(Source data)

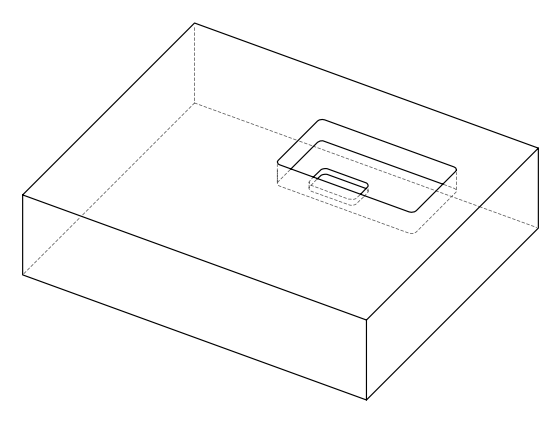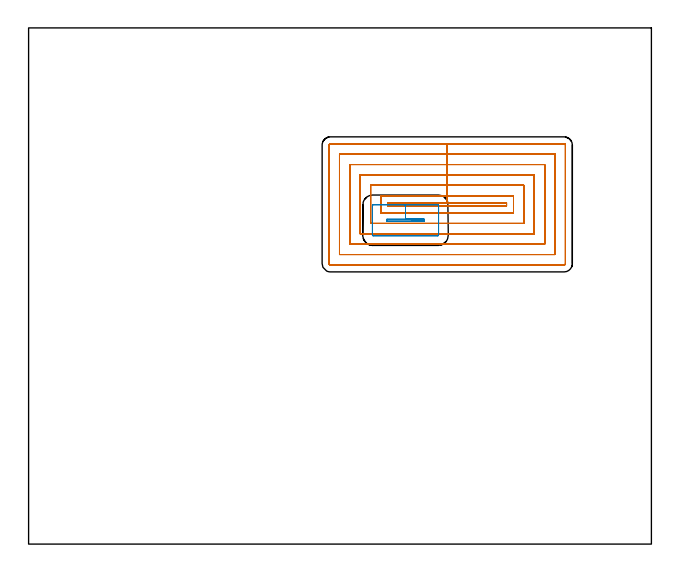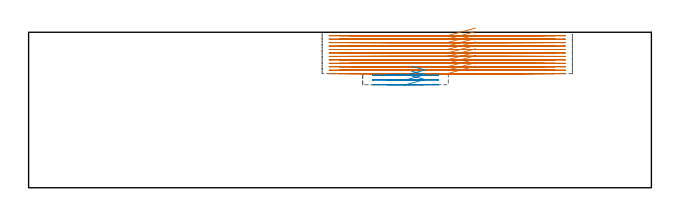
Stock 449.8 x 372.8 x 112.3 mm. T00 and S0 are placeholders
(PLAN: 2 operations, 1 tool changes, 60.6 min)
(1 MILL_RECTANGULAR_POCKET | POCKET_RECTANGULAR_STRAIGHT | NXT0201_013 | Follow Part, ap 2.5, ae 75% | 59.08 min | 525995 mm3)
(2 MILL_RECTANGULAR_POCKET_1 | POCKET_RECTANGULAR_STRAIGHT_1 | UGT0201_103 | Follow Part, ap 3.5, ae 75% | 1.55 min | 17664 mm3)
(TOOL NXT0201_013 | ENDMILL 10mm | D10 FL30 Z4)
(TOOL UGT0201_103 | End Mill 14 mm | D14 FL19 Z2)
(OP 1 MILL_RECTANGULAR_POCKET)
G17 G21 G94 G90
T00 M6
G54
G17 G0 G90 X322.845 Y246.6 S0 M3
G43 Z122.3 H0
Z115.3
G94 G1 X302.35 Z109.808 F250.
X259.5 F500.
Y244.1
X345.2
Y246.6
X302.35
Y251.6
X254.5
Y239.1
X350.2
Y251.6
X302.35
Y259.1
X247.
Y231.6
X357.7
Y259.1
X302.35
Y266.6
X239.5
Y224.1
X365.2
Y266.6
X302.35
Y274.1
X232.
Y216.6
X372.7
Y274.1
X302.35
Y281.6
X224.5
Y209.1
X380.2
Y281.6
X302.35
Y289.1
X217.9
G3 X217. Y288.2 R0.9
G1 Y202.5
G3 X217.9 Y201.6 R0.9
G1 X386.8
G3 X387.7 Y202.5 R0.9
G1 Y288.2
G3 X386.8 Y289.1 R0.9
G1 X302.35
X301.35
G0 X322.845 Y246.6 Z112.808
G1 X302.35 Z107.317 F250.
X259.5 F500.
Y244.1
X345.2
Y246.6
X302.35
Y251.6
X254.5
Y239.1
X350.2
Y251.6
X302.35
Y259.1
X247.
Y231.6
X357.7
Y259.1
X302.35
Y266.6
X239.5
Y224.1
X365.2
Y266.6
X302.35
Y274.1
X232.
Y216.6
X372.7
Y274.1
X302.35
Y281.6
X224.5
Y209.1
X380.2
Y281.6
X302.35
Y289.1
X217.9
G3 X217. Y288.2 R0.9
G1 Y202.5
G3 X217.9 Y201.6 R0.9
G1 X386.8
G3 X387.7 Y202.5 R0.9
G1 Y288.2
G3 X386.8 Y289.1 R0.9
G1 X302.35
X301.35
G0 X322.845 Y246.6 Z110.317
G1 X302.35 Z104.825 F250.
X259.5 F500.
Y244.1
X345.2
Y246.6
X302.35
Y251.6
X254.5
Y239.1
X350.2
Y251.6
X302.35
Y259.1
X247.
Y231.6
X357.7
Y259.1
X302.35
Y266.6
X239.5
Y224.1
X365.2
Y266.6
X302.35
Y274.1
X232.
Y216.6
X372.7
Y274.1
X302.35
Y281.6
X224.5
Y209.1
X380.2
Y281.6
X302.35
Y289.1
X217.9
G3 X217. Y288.2 R0.9
G1 Y202.5
G3 X217.9 Y201.6 R0.9
G1 X386.8
G3 X387.7 Y202.5 R0.9
G1 Y288.2
G3 X386.8 Y289.1 R0.9
G1 X302.35
X301.35
G0 X322.845 Y246.6 Z107.825
G1 X302.35 Z102.333 F250.
X259.5 F500.
Y244.1
X345.2
Y246.6
X302.35
Y251.6
X254.5
Y239.1
X350.2
Y251.6
X302.35
Y259.1
X247.
Y231.6
X357.7
Y259.1
X302.35
Y266.6
X239.5
Y224.1
X365.2
Y266.6
X302.35
Y274.1
X232.
Y216.6
X372.7
Y274.1
X302.35
Y281.6
X224.5
Y209.1
X380.2
Y281.6
X302.35
Y289.1
X217.9
G3 X217. Y288.2 R0.9
G1 Y202.5
G3 X217.9 Y201.6 R0.9
G1 X386.8
G3 X387.7 Y202.5 R0.9
G1 Y288.2
G3 X386.8 Y289.1 R0.9
G1 X302.35
X301.35
G0 X322.845 Y246.6 Z105.333
G1 X302.35 Z99.842 F250.
X259.5 F500.
Y244.1
X345.2
Y246.6
X302.35
Y251.6
X254.5
Y239.1
X350.2
Y251.6
X302.35
Y259.1
X247.
Y231.6
X357.7
Y259.1
X302.35
Y266.6
X239.5
Y224.1
X365.2
Y266.6
X302.35
Y274.1
X232.
Y216.6
X372.7
Y274.1
X302.35
Y281.6
X224.5
Y209.1
X380.2
Y281.6
X302.35
Y289.1
X217.9
G3 X217. Y288.2 R0.9
G1 Y202.5
G3 X217.9 Y201.6 R0.9
G1 X386.8
G3 X387.7 Y202.5 R0.9
G1 Y288.2
G3 X386.8 Y289.1 R0.9
G1 X302.35
X301.35
G0 X322.845 Y246.6 Z102.842
G1 X302.35 Z97.35 F250.
X259.5 F500.
Y244.1
X345.2
Y246.6
X302.35
Y251.6
X254.5
Y239.1
X350.2
Y251.6
X302.35
Y259.1
X247.
Y231.6
X357.7
Y259.1
X302.35
Y266.6
X239.5
Y224.1
X365.2
Y266.6
X302.35
Y274.1
X232.
Y216.6
X372.7
Y274.1
X302.35
Y281.6
X224.5
Y209.1
X380.2
Y281.6
X302.35
Y289.1
X217.9
G3 X217. Y288.2 R0.9
G1 Y202.5
G3 X217.9 Y201.6 R0.9
G1 X386.8
G3 X387.7 Y202.5 R0.9
G1 Y288.2
G3 X386.8 Y289.1 R0.9
G1 X302.35
X301.35
G0 X322.845 Y246.6 Z100.35
G1 X302.35 Z94.858 F250.
X259.5 F500.
Y244.1
X345.2
Y246.6
X302.35
Y251.6
X254.5
Y239.1
X350.2
Y251.6
X302.35
Y259.1
X247.
Y231.6
X357.7
Y259.1
X302.35
Y266.6
X239.5
Y224.1
X365.2
Y266.6
X302.35
Y274.1
X232.
Y216.6
X372.7
Y274.1
X302.35
Y281.6
X224.5
Y209.1
X380.2
Y281.6
X302.35
Y289.1
X217.9
G3 X217. Y288.2 R0.9
G1 Y202.5
G3 X217.9 Y201.6 R0.9
G1 X386.8
G3 X387.7 Y202.5 R0.9
G1 Y288.2
G3 X386.8 Y289.1 R0.9
G1 X302.35
X301.35
G0 X322.845 Y246.6 Z97.858
G1 X302.35 Z92.367 F250.
X259.5 F500.
Y244.1
X345.2
Y246.6
X302.35
Y251.6
X254.5
Y239.1
X350.2
Y251.6
X302.35
Y259.1
X247.
Y231.6
X357.7
Y259.1
X302.35
Y266.6
X239.5
Y224.1
X365.2
Y266.6
X302.35
Y274.1
X232.
Y216.6
X372.7
Y274.1
X302.35
Y281.6
X224.5
Y209.1
X380.2
Y281.6
X302.35
Y289.1
X217.9
G3 X217. Y288.2 R0.9
G1 Y202.5
G3 X217.9 Y201.6 R0.9
G1 X386.8
G3 X387.7 Y202.5 R0.9
G1 Y288.2
G3 X386.8 Y289.1 R0.9
G1 X302.35
X301.35
G0 X322.845 Y246.6 Z95.367
G1 X302.35 Z89.875 F250.
X259.5 F500.
Y244.1
X345.2
Y246.6
X302.35
Y251.6
X254.5
Y239.1
X350.2
Y251.6
X302.35
Y259.1
X247.
Y231.6
X357.7
Y259.1
X302.35
Y266.6
X239.5
Y224.1
X365.2
Y266.6
X302.35
Y274.1
X232.
Y216.6
X372.7
Y274.1
X302.35
Y281.6
X224.5
Y209.1
X380.2
Y281.6
X302.35
Y289.1
X217.9
G3 X217. Y288.2 R0.9
G1 Y202.5
G3 X217.9 Y201.6 R0.9
G1 X386.8
G3 X387.7 Y202.5 R0.9
G1 Y288.2
G3 X386.8 Y289.1 R0.9
G1 X302.35
X301.35
G0 X322.845 Y246.6 Z92.875
G1 X302.35 Z87.383 F250.
X259.5 F500.
Y244.1
X345.2
Y246.6
X302.35
Y251.6
X254.5
Y239.1
X350.2
Y251.6
X302.35
Y259.1
X247.
Y231.6
X357.7
Y259.1
X302.35
Y266.6
X239.5
Y224.1
X365.2
Y266.6
X302.35
Y274.1
X232.
Y216.6
X372.7
Y274.1
X302.35
Y281.6
X224.5
Y209.1
X380.2
Y281.6
X302.35
Y289.1
X217.9
G3 X217. Y288.2 R0.9
G1 Y202.5
G3 X217.9 Y201.6 R0.9
G1 X386.8
G3 X387.7 Y202.5 R0.9
G1 Y288.2
G3 X386.8 Y289.1 R0.9
G1 X302.35
X301.35
G0 X322.845 Y246.6 Z90.383
G1 X302.35 Z84.892 F250.
X259.5 F500.
Y244.1
X345.2
Y246.6
X302.35
Y251.6
X254.5
Y239.1
X350.2
Y251.6
X302.35
Y259.1
X247.
Y231.6
X357.7
Y259.1
X302.35
Y266.6
X239.5
Y224.1
X365.2
Y266.6
X302.35
Y274.1
X232.
Y216.6
X372.7
Y274.1
X302.35
Y281.6
X224.5
Y209.1
X380.2
Y281.6
X302.35
Y289.1
X217.9
G3 X217. Y288.2 R0.9
G1 Y202.5
G3 X217.9 Y201.6 R0.9
G1 X386.8
G3 X387.7 Y202.5 R0.9
G1 Y288.2
G3 X386.8 Y289.1 R0.9
G1 X302.35
X301.35
G0 X322.845 Y246.6 Z87.892
G1 X302.35 Z82.4 F250.
X259.5 F500.
Y244.1
X345.2
Y246.6
X302.35
Y251.6
X254.5
Y239.1
X350.2
Y251.6
X302.35
Y259.1
X247.
Y231.6
X357.7
Y259.1
X302.35
Y266.6
X239.5
Y224.1
X365.2
Y266.6
X302.35
Y274.1
X232.
Y216.6
X372.7
Y274.1
X302.35
Y281.6
X224.5
Y209.1
X380.2
Y281.6
X302.35
Y289.1
X217.9
G3 X217. Y288.2 R0.9
G1 Y202.5
G3 X217.9 Y201.6 R0.9
G1 X386.8
G3 X387.7 Y202.5 R0.9
G1 Y288.2
G3 X386.8 Y289.1 R0.9
G1 X302.35
X301.35
G0 Z122.3
M5
M2
(OP 2 MILL_RECTANGULAR_POCKET_1)
G17 G21 G94 G90
T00 M6
G54
G17 G0 G90 X276.345 Y233.2 S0 M3
G43 Z122.3 H0
Z87.736
G94 G1 X285.6 Z85.257 F250.
Y234.6 Z84.881
X272.2 Z81.291
X258.8 F500.
Y233.2
X285.6
Y234.6
X272.2
Y245.1
X248.8
G3 X248.3 Y244.6 R0.5
G1 Y223.2
G3 X248.8 Y222.7 R0.5
G1 X295.6
G3 X296.1 Y223.2 R0.5
G1 Y244.6
G3 X295.6 Y245.1 R0.5
G1 X272.2
X271.2
G0 X276.345 Y233.2 Z84.291
G1 X285.6 Z81.811 F250.
Y234.6 Z81.436
X272.2 Z77.845
X258.8 F500.
Y233.2
X285.6
Y234.6
X272.2
Y245.1
X248.8
G3 X248.3 Y244.6 R0.5
G1 Y223.2
G3 X248.8 Y222.7 R0.5
G1 X295.6
G3 X296.1 Y223.2 R0.5
G1 Y244.6
G3 X295.6 Y245.1 R0.5
G1 X272.2
X271.2
G0 X276.345 Y233.2 Z80.845
G1 X285.6 Z78.366 F250.
Y234.6 Z77.991
X272.2 Z74.4
X258.8 F500.
Y233.2
X285.6
Y234.6
X272.2
Y245.1
X248.8
G3 X248.3 Y244.6 R0.5
G1 Y223.2
G3 X248.8 Y222.7 R0.5
G1 X295.6
G3 X296.1 Y223.2 R0.5
G1 Y244.6
G3 X295.6 Y245.1 R0.5
G1 X272.2
X271.2
G0 Z122.3
M5
M2

(End Source data)

§ **Directions**
Pull out every line of the entries that includes the word "Part".

§ **Finished exercise**
(1 MILL_RECTANGULAR_POCKET | POCKET_RECTANGULAR_STRAIGHT | NXT0201_013 | Follow Part, ap 2.5, ae 75% | 59.08 min | 525995 mm3)
(2 MILL_RECTANGULAR_POCKET_1 | POCKET_RECTANGULAR_STRAIGHT_1 | UGT0201_103 | Follow Part, ap 3.5, ae 75% | 1.55 min | 17664 mm3)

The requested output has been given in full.